We want to open a bank account and keep the money fix deposit for some years as we don’t need it now.
So can some please tell me which is the best bank account which has a good deposit rate?

Thank you advance


----------



## Gary D (Oct 28, 2013)

The rural banks give the best rates. We have had 9 and 12% but I was getting a bit edgy. In general the Philippine banks are pretty much in line with western banks. One rural bank was offering 25% just before everyone lost their money.


----------



## 197649 (Jan 1, 2013)

kingrulzuk said:


> Hiya all
> me and my partner are getting married in May this year in HK. We have been getting money as gift from friends and family.
> We want to open a bank account and keep the money fix deposit for some years as we don’t need it now.
> So can some please tell me which is the best bank account which has a good deposit rate?
> ...


Congrats. If I was you I would look for stability large banks Metrobank, China Bank, PS Bank, BDO. The big 4. Visit their web sites. The smaller banks may give you a better intrest rate but you have to worry if that bank will be here in 5-10 years. If its a mom and pop bank FORGET IT

This is from Sept 2014 but it lists the banks that made the global ranking list
http://business.inquirer.net/178558/8-philippine-banks-make-it-to-global-rankings-list


----------



## Cebu Citizen (Dec 13, 2013)

I originally banked with BPI, (Bank of the Philippine Islands), and will continue to do so only because one of my US bank accounts, (Wells Fargo), is linked directly to an account at BPI. This makes money transfers, (Wells Fargo Express Send), very quick and easy and inexpensive. I can transfer up to $3,000 US Dollars per day for as little as $4 service fee and I will have the money in my hands typically in less than 24 hours! However, (others may have experienced better service), but for me, the customer service at BPI has much to be desired! Terrible service and it takes way too long to accomplish anything there.

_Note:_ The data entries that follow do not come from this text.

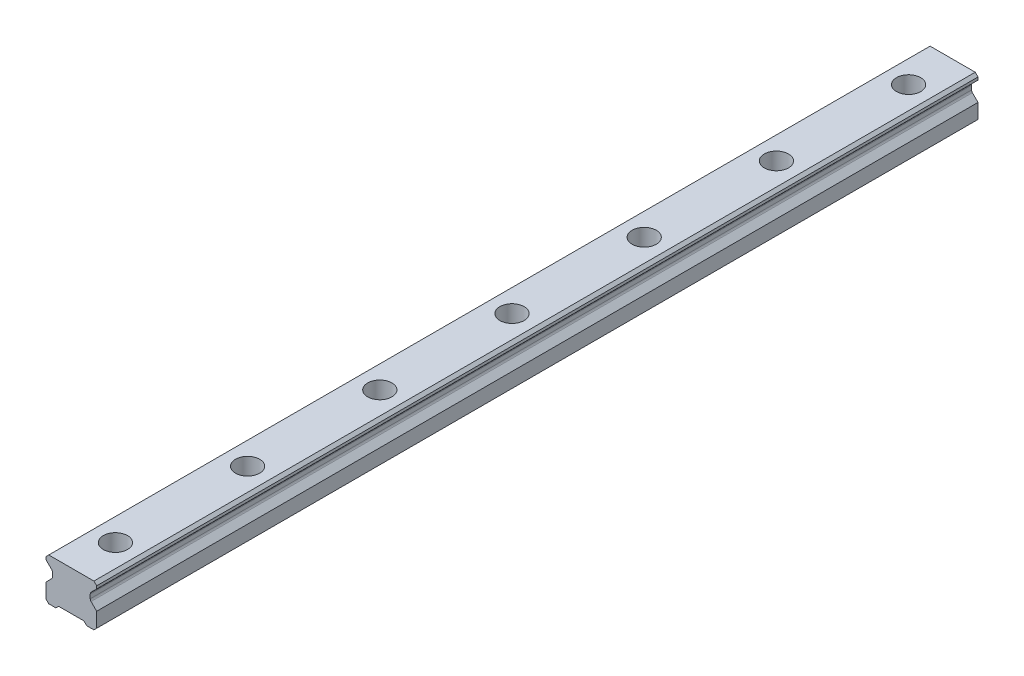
ISO-10303-21;
HEADER;
FILE_DESCRIPTION(('STEP AP214'),'2;1');
FILE_NAME('part.step','',(''),(''),'','','');
FILE_SCHEMA(('AUTOMOTIVE_DESIGN { 1 0 10303 214 1 1 1 1 }'));
ENDSEC;
DATA;
#1=APPLICATION_CONTEXT('core data for automotive mechanical design processes');
#2=APPLICATION_PROTOCOL_DEFINITION('international standard','automotive_design',2000,#1);
#3=PRODUCT_CONTEXT('',#1,'mechanical');
#4=PRODUCT('Part','Part','',(#3));
#5=PRODUCT_RELATED_PRODUCT_CATEGORY('part','',(#4));
#6=PRODUCT_DEFINITION_FORMATION('','',#4);
#7=PRODUCT_DEFINITION_CONTEXT('part definition',#1,'design');
#8=PRODUCT_DEFINITION('design','',#6,#7);
#9=PRODUCT_DEFINITION_SHAPE('','',#8);
#10=(LENGTH_UNIT() NAMED_UNIT(*) SI_UNIT(.MILLI.,.METRE.));
#11=(NAMED_UNIT(*) PLANE_ANGLE_UNIT() SI_UNIT($,.RADIAN.));
#12=(NAMED_UNIT(*) SI_UNIT($,.STERADIAN.) SOLID_ANGLE_UNIT());
#13=UNCERTAINTY_MEASURE_WITH_UNIT(LENGTH_MEASURE(1.E-05),#10,'distance_accuracy_value','');
#14=(GEOMETRIC_REPRESENTATION_CONTEXT(3) GLOBAL_UNCERTAINTY_ASSIGNED_CONTEXT((#13)) GLOBAL_UNIT_ASSIGNED_CONTEXT((#10,
#11,#12)) REPRESENTATION_CONTEXT('',''));
#15=CARTESIAN_POINT('',(0.,0.,0.));
#16=DIRECTION('',(0.,0.,1.));
#17=DIRECTION('',(1.,0.,0.));
#18=AXIS2_PLACEMENT_3D('',#15,#16,#17);
#19=CARTESIAN_POINT('',(0.,10.2,-180.));
#20=DIRECTION('',(0.,1.,0.));
#21=DIRECTION('',(0.,0.,1.));
#22=AXIS2_PLACEMENT_3D('',#19,#20,#21);
#23=PLANE('',#22);
#24=CARTESIAN_POINT('',(0.,10.2,-180.));
#25=DIRECTION('',(0.,1.,0.));
#26=DIRECTION('',(0.,0.,1.));
#27=AXIS2_PLACEMENT_3D('',#24,#25,#26);
#28=CIRCLE('',#27,3.5);
#29=CARTESIAN_POINT('',(0.,10.2,-176.5));
#30=VERTEX_POINT('',#29);
#31=EDGE_CURVE('E398',#30,#30,#28,.T.);
#32=ORIENTED_EDGE('',*,*,#31,.F.);
#33=EDGE_LOOP('',(#32));
#34=FACE_BOUND('',#33,.T.);
#35=CARTESIAN_POINT('',(0.,10.2,-180.));
#36=DIRECTION('',(0.,1.,0.));
#37=DIRECTION('',(0.,0.,1.));
#38=AXIS2_PLACEMENT_3D('',#35,#36,#37);
#39=CIRCLE('',#38,5.5);
#40=CARTESIAN_POINT('',(0.,10.2,-174.5));
#41=VERTEX_POINT('',#40);
#42=EDGE_CURVE('E11',#41,#41,#39,.T.);
#43=ORIENTED_EDGE('',*,*,#42,.T.);
#44=EDGE_LOOP('',(#43));
#45=FACE_BOUND('',#44,.T.);
#46=ADVANCED_FACE('F39',(#34,#45),#23,.T.);
#47=CARTESIAN_POINT('',(0.,10.2,-180.));
#48=DIRECTION('',(0.,1.,0.));
#49=DIRECTION('',(0.,0.,1.));
#50=AXIS2_PLACEMENT_3D('',#47,#48,#49);
#51=CYLINDRICAL_SURFACE('',#50,5.5);
#52=ORIENTED_EDGE('',*,*,#42,.F.);
#53=EDGE_LOOP('',(#52));
#54=FACE_BOUND('',#53,.T.);
#55=CARTESIAN_POINT('',(0.,19.2,-180.));
#56=DIRECTION('',(0.,1.,0.));
#57=DIRECTION('',(0.,0.,1.));
#58=AXIS2_PLACEMENT_3D('',#55,#56,#57);
#59=CIRCLE('',#58,5.5);
#60=CARTESIAN_POINT('',(0.,19.2,-174.5));
#61=VERTEX_POINT('',#60);
#62=EDGE_CURVE('E48',#61,#61,#59,.T.);
#63=ORIENTED_EDGE('',*,*,#62,.T.);
#64=EDGE_LOOP('',(#63));
#65=FACE_BOUND('',#64,.T.);
#66=ADVANCED_FACE('F635',(#54,#65),#51,.F.);
#67=CARTESIAN_POINT('',(0.,10.2,-120.));
#68=DIRECTION('',(0.,1.,0.));
#69=DIRECTION('',(0.,0.,1.));
#70=AXIS2_PLACEMENT_3D('',#67,#68,#69);
#71=PLANE('',#70);
#72=CARTESIAN_POINT('',(0.,10.2,-120.));
#73=DIRECTION('',(0.,1.,0.));
#74=DIRECTION('',(0.,0.,1.));
#75=AXIS2_PLACEMENT_3D('',#72,#73,#74);
#76=CIRCLE('',#75,3.5);
#77=CARTESIAN_POINT('',(0.,10.2,-116.5));
#78=VERTEX_POINT('',#77);
#79=EDGE_CURVE('E403',#78,#78,#76,.T.);
#80=ORIENTED_EDGE('',*,*,#79,.F.);
#81=EDGE_LOOP('',(#80));
#82=FACE_BOUND('',#81,.T.);
#83=CARTESIAN_POINT('',(0.,10.2,-120.));
#84=DIRECTION('',(0.,1.,0.));
#85=DIRECTION('',(0.,0.,1.));
#86=AXIS2_PLACEMENT_3D('',#83,#84,#85);
#87=CIRCLE('',#86,5.5);
#88=CARTESIAN_POINT('',(0.,10.2,-114.5));
#89=VERTEX_POINT('',#88);
#90=EDGE_CURVE('E382',#89,#89,#87,.T.);
#91=ORIENTED_EDGE('',*,*,#90,.T.);
#92=EDGE_LOOP('',(#91));
#93=FACE_BOUND('',#92,.T.);
#94=ADVANCED_FACE('F640',(#82,#93),#71,.T.);
#95=CARTESIAN_POINT('',(0.,10.2,-120.));
#96=DIRECTION('',(0.,1.,0.));
#97=DIRECTION('',(0.,0.,1.));
#98=AXIS2_PLACEMENT_3D('',#95,#96,#97);
#99=CYLINDRICAL_SURFACE('',#98,5.5);
#100=ORIENTED_EDGE('',*,*,#90,.F.);
#101=EDGE_LOOP('',(#100));
#102=FACE_BOUND('',#101,.T.);
#103=CARTESIAN_POINT('',(0.,19.2,-120.));
#104=DIRECTION('',(0.,1.,0.));
#105=DIRECTION('',(0.,0.,1.));
#106=AXIS2_PLACEMENT_3D('',#103,#104,#105);
#107=CIRCLE('',#106,5.5);
#108=CARTESIAN_POINT('',(0.,19.2,-114.5));
#109=VERTEX_POINT('',#108);
#110=EDGE_CURVE('E378',#109,#109,#107,.T.);
#111=ORIENTED_EDGE('',*,*,#110,.T.);
#112=EDGE_LOOP('',(#111));
#113=FACE_BOUND('',#112,.T.);
#114=ADVANCED_FACE('F715',(#102,#113),#99,.F.);
#115=CARTESIAN_POINT('',(0.,10.2,-60.));
#116=DIRECTION('',(0.,1.,0.));
#117=DIRECTION('',(0.,0.,1.));
#118=AXIS2_PLACEMENT_3D('',#115,#116,#117);
#119=PLANE('',#118);
#120=CARTESIAN_POINT('',(0.,10.2,-60.));
#121=DIRECTION('',(0.,1.,0.));
#122=DIRECTION('',(0.,0.,1.));
#123=AXIS2_PLACEMENT_3D('',#120,#121,#122);
#124=CIRCLE('',#123,3.5);
#125=CARTESIAN_POINT('',(0.,10.2,-56.5));
#126=VERTEX_POINT('',#125);
#127=EDGE_CURVE('E407',#126,#126,#124,.T.);
#128=ORIENTED_EDGE('',*,*,#127,.F.);
#129=EDGE_LOOP('',(#128));
#130=FACE_BOUND('',#129,.T.);
#131=CARTESIAN_POINT('',(0.,10.2,-60.));
#132=DIRECTION('',(0.,1.,0.));
#133=DIRECTION('',(0.,0.,1.));
#134=AXIS2_PLACEMENT_3D('',#131,#132,#133);
#135=CIRCLE('',#134,5.5);
#136=CARTESIAN_POINT('',(0.,10.2,-54.5));
#137=VERTEX_POINT('',#136);
#138=EDGE_CURVE('E374',#137,#137,#135,.T.);
#139=ORIENTED_EDGE('',*,*,#138,.T.);
#140=EDGE_LOOP('',(#139));
#141=FACE_BOUND('',#140,.T.);
#142=ADVANCED_FACE('F711',(#130,#141),#119,.T.);
#143=CARTESIAN_POINT('',(0.,10.2,-60.));
#144=DIRECTION('',(0.,1.,0.));
#145=DIRECTION('',(0.,0.,1.));
#146=AXIS2_PLACEMENT_3D('',#143,#144,#145);
#147=CYLINDRICAL_SURFACE('',#146,5.5);
#148=ORIENTED_EDGE('',*,*,#138,.F.);
#149=EDGE_LOOP('',(#148));
#150=FACE_BOUND('',#149,.T.);
#151=CARTESIAN_POINT('',(0.,19.2,-60.));
#152=DIRECTION('',(0.,1.,0.));
#153=DIRECTION('',(0.,0.,1.));
#154=AXIS2_PLACEMENT_3D('',#151,#152,#153);
#155=CIRCLE('',#154,5.5);
#156=CARTESIAN_POINT('',(0.,19.2,-54.5));
#157=VERTEX_POINT('',#156);
#158=EDGE_CURVE('E370',#157,#157,#155,.T.);
#159=ORIENTED_EDGE('',*,*,#158,.T.);
#160=EDGE_LOOP('',(#159));
#161=FACE_BOUND('',#160,.T.);
#162=ADVANCED_FACE('F707',(#150,#161),#147,.F.);
#163=CARTESIAN_POINT('',(0.,10.2,0.));
#164=DIRECTION('',(0.,1.,0.));
#165=DIRECTION('',(0.,0.,1.));
#166=AXIS2_PLACEMENT_3D('',#163,#164,#165);
#167=PLANE('',#166);
#168=CARTESIAN_POINT('',(0.,10.2,0.));
#169=DIRECTION('',(0.,1.,0.));
#170=DIRECTION('',(0.,0.,1.));
#171=AXIS2_PLACEMENT_3D('',#168,#169,#170);
#172=CIRCLE('',#171,3.5);
#173=CARTESIAN_POINT('',(0.,10.2,3.50000000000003));
#174=VERTEX_POINT('',#173);
#175=EDGE_CURVE('E411',#174,#174,#172,.T.);
#176=ORIENTED_EDGE('',*,*,#175,.F.);
#177=EDGE_LOOP('',(#176));
#178=FACE_BOUND('',#177,.T.);
#179=CARTESIAN_POINT('',(0.,10.2,0.));
#180=DIRECTION('',(0.,1.,0.));
#181=DIRECTION('',(0.,0.,1.));
#182=AXIS2_PLACEMENT_3D('',#179,#180,#181);
#183=CIRCLE('',#182,5.5);
#184=CARTESIAN_POINT('',(0.,10.2,5.50000000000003));
#185=VERTEX_POINT('',#184);
#186=EDGE_CURVE('E366',#185,#185,#183,.T.);
#187=ORIENTED_EDGE('',*,*,#186,.T.);
#188=EDGE_LOOP('',(#187));
#189=FACE_BOUND('',#188,.T.);
#190=ADVANCED_FACE('F703',(#178,#189),#167,.T.);
#191=CARTESIAN_POINT('',(0.,10.2,0.));
#192=DIRECTION('',(0.,1.,0.));
#193=DIRECTION('',(0.,0.,1.));
#194=AXIS2_PLACEMENT_3D('',#191,#192,#193);
#195=CYLINDRICAL_SURFACE('',#194,5.5);
#196=ORIENTED_EDGE('',*,*,#186,.F.);
#197=EDGE_LOOP('',(#196));
#198=FACE_BOUND('',#197,.T.);
#199=CARTESIAN_POINT('',(0.,19.2,0.));
#200=DIRECTION('',(0.,1.,0.));
#201=DIRECTION('',(0.,0.,1.));
#202=AXIS2_PLACEMENT_3D('',#199,#200,#201);
#203=CIRCLE('',#202,5.5);
#204=CARTESIAN_POINT('',(0.,19.2,5.50000000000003));
#205=VERTEX_POINT('',#204);
#206=EDGE_CURVE('E362',#205,#205,#203,.T.);
#207=ORIENTED_EDGE('',*,*,#206,.T.);
#208=EDGE_LOOP('',(#207));
#209=FACE_BOUND('',#208,.T.);
#210=ADVANCED_FACE('F699',(#198,#209),#195,.F.);
#211=CARTESIAN_POINT('',(0.,10.2,60.));
#212=DIRECTION('',(0.,1.,0.));
#213=DIRECTION('',(0.,0.,1.));
#214=AXIS2_PLACEMENT_3D('',#211,#212,#213);
#215=PLANE('',#214);
#216=CARTESIAN_POINT('',(0.,10.2,60.));
#217=DIRECTION('',(0.,1.,0.));
#218=DIRECTION('',(0.,0.,1.));
#219=AXIS2_PLACEMENT_3D('',#216,#217,#218);
#220=CIRCLE('',#219,3.5);
#221=CARTESIAN_POINT('',(0.,10.2,63.5));
#222=VERTEX_POINT('',#221);
#223=EDGE_CURVE('E426',#222,#222,#220,.T.);
#224=ORIENTED_EDGE('',*,*,#223,.F.);
#225=EDGE_LOOP('',(#224));
#226=FACE_BOUND('',#225,.T.);
#227=CARTESIAN_POINT('',(0.,10.2,60.));
#228=DIRECTION('',(0.,1.,0.));
#229=DIRECTION('',(0.,0.,1.));
#230=AXIS2_PLACEMENT_3D('',#227,#228,#229);
#231=CIRCLE('',#230,5.5);
#232=CARTESIAN_POINT('',(0.,10.2,65.5));
#233=VERTEX_POINT('',#232);
#234=EDGE_CURVE('E358',#233,#233,#231,.T.);
#235=ORIENTED_EDGE('',*,*,#234,.T.);
#236=EDGE_LOOP('',(#235));
#237=FACE_BOUND('',#236,.T.);
#238=ADVANCED_FACE('F695',(#226,#237),#215,.T.);
#239=CARTESIAN_POINT('',(0.,10.2,60.));
#240=DIRECTION('',(0.,1.,0.));
#241=DIRECTION('',(0.,0.,1.));
#242=AXIS2_PLACEMENT_3D('',#239,#240,#241);
#243=CYLINDRICAL_SURFACE('',#242,5.5);
#244=ORIENTED_EDGE('',*,*,#234,.F.);
#245=EDGE_LOOP('',(#244));
#246=FACE_BOUND('',#245,.T.);
#247=CARTESIAN_POINT('',(0.,19.2,60.));
#248=DIRECTION('',(0.,1.,0.));
#249=DIRECTION('',(0.,0.,1.));
#250=AXIS2_PLACEMENT_3D('',#247,#248,#249);
#251=CIRCLE('',#250,5.5);
#252=CARTESIAN_POINT('',(0.,19.2,65.5));
#253=VERTEX_POINT('',#252);
#254=EDGE_CURVE('E354',#253,#253,#251,.T.);
#255=ORIENTED_EDGE('',*,*,#254,.T.);
#256=EDGE_LOOP('',(#255));
#257=FACE_BOUND('',#256,.T.);
#258=ADVANCED_FACE('F692',(#246,#257),#243,.F.);
#259=CARTESIAN_POINT('',(11.5,0.,200.));
#260=DIRECTION('',(0.,1.,0.));
#261=DIRECTION('',(-1.,0.,0.));
#262=AXIS2_PLACEMENT_3D('',#259,#260,#261);
#263=PLANE('',#262);
#264=DIRECTION('',(1.,0.,0.));
#265=VECTOR('',#264,1.);
#266=CARTESIAN_POINT('',(11.5,0.,-200.));
#267=LINE('',#266,#265);
#268=CARTESIAN_POINT('',(-10.25,0.,-200.));
#269=VERTEX_POINT('',#268);
#270=CARTESIAN_POINT('',(-7.,0.,-200.));
#271=VERTEX_POINT('',#270);
#272=EDGE_CURVE('E229',#269,#271,#267,.T.);
#273=ORIENTED_EDGE('',*,*,#272,.T.);
#274=DIRECTION('',(0.,0.,1.));
#275=VECTOR('',#274,1.);
#276=CARTESIAN_POINT('',(-7.,0.,-200.));
#277=LINE('',#276,#275);
#278=CARTESIAN_POINT('',(-7.,0.,200.));
#279=VERTEX_POINT('',#278);
#280=EDGE_CURVE('E466',#271,#279,#277,.T.);
#281=ORIENTED_EDGE('',*,*,#280,.T.);
#282=DIRECTION('',(1.,0.,0.));
#283=VECTOR('',#282,1.);
#284=CARTESIAN_POINT('',(11.5,0.,200.));
#285=LINE('',#284,#283);
#286=CARTESIAN_POINT('',(-10.25,0.,200.));
#287=VERTEX_POINT('',#286);
#288=EDGE_CURVE('E535',#287,#279,#285,.T.);
#289=ORIENTED_EDGE('',*,*,#288,.F.);
#290=DIRECTION('',(0.,0.,-1.));
#291=VECTOR('',#290,1.);
#292=CARTESIAN_POINT('',(-10.25,0.,200.));
#293=LINE('',#292,#291);
#294=EDGE_CURVE('E289',#287,#269,#293,.T.);
#295=ORIENTED_EDGE('',*,*,#294,.T.);
#296=EDGE_LOOP('',(#273,#281,#289,#295));
#297=FACE_BOUND('',#296,.T.);
#298=ADVANCED_FACE('F664',(#297),#263,.F.);
#299=CARTESIAN_POINT('',(-11.5,19.2,200.));
#300=DIRECTION('',(1.,0.,0.));
#301=DIRECTION('',(0.,1.,0.));
#302=AXIS2_PLACEMENT_3D('',#299,#300,#301);
#303=PLANE('',#302);
#304=DIRECTION('',(0.,-1.,0.));
#305=VECTOR('',#304,1.);
#306=CARTESIAN_POINT('',(-11.5,19.2,200.));
#307=LINE('',#306,#305);
#308=CARTESIAN_POINT('',(-11.5,17.95,200.));
#309=VERTEX_POINT('',#308);
#310=CARTESIAN_POINT('',(-11.5,16.7,200.));
#311=VERTEX_POINT('',#310);
#312=EDGE_CURVE('E531',#309,#311,#307,.T.);
#313=ORIENTED_EDGE('',*,*,#312,.F.);
#314=DIRECTION('',(0.,0.,-1.));
#315=VECTOR('',#314,1.);
#316=CARTESIAN_POINT('',(-11.5,17.95,200.));
#317=LINE('',#316,#315);
#318=CARTESIAN_POINT('',(-11.5,17.95,-200.));
#319=VERTEX_POINT('',#318);
#320=EDGE_CURVE('E251',#309,#319,#317,.T.);
#321=ORIENTED_EDGE('',*,*,#320,.T.);
#322=DIRECTION('',(0.,-1.,0.));
#323=VECTOR('',#322,1.);
#324=CARTESIAN_POINT('',(-11.5,19.2,-200.));
#325=LINE('',#324,#323);
#326=CARTESIAN_POINT('',(-11.5,16.7,-200.));
#327=VERTEX_POINT('',#326);
#328=EDGE_CURVE('E230',#319,#327,#325,.T.);
#329=ORIENTED_EDGE('',*,*,#328,.T.);
#330=DIRECTION('',(0.,0.,1.));
#331=VECTOR('',#330,1.);
#332=CARTESIAN_POINT('',(-11.5,16.7,-200.));
#333=LINE('',#332,#331);
#334=EDGE_CURVE('E487',#327,#311,#333,.T.);
#335=ORIENTED_EDGE('',*,*,#334,.T.);
#336=EDGE_LOOP('',(#313,#321,#329,#335));
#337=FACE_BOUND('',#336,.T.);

So, to make a long story short, I moved over to BDO, (Banko De Oro). What took BPI several weeks to accomplish, BDO did in only one day and my wife and I have several investments at BDO and the rates are not awesome but quite satisfactory and comparable to the World Banking Market.

One of our BDO investments is drawing 15 3/4% and the other is somewhere around 12% but I am not sure the exact rate on that account.

BDO also offers a great rate on Life Insurance for you or your spouse and these are great ways to invest also, (if you have excess cash laying around), because these insurance policies generally pay out higher rates than most bank savings programs or Certificates of Deposit, (CD's). The advantage here is that should one of the depositors pass away, not only are you making a nice interest rate on your investment but you or your spouse or children will also receive a very handsome payout from the death benefit...making these investments double or triple their investment appeal.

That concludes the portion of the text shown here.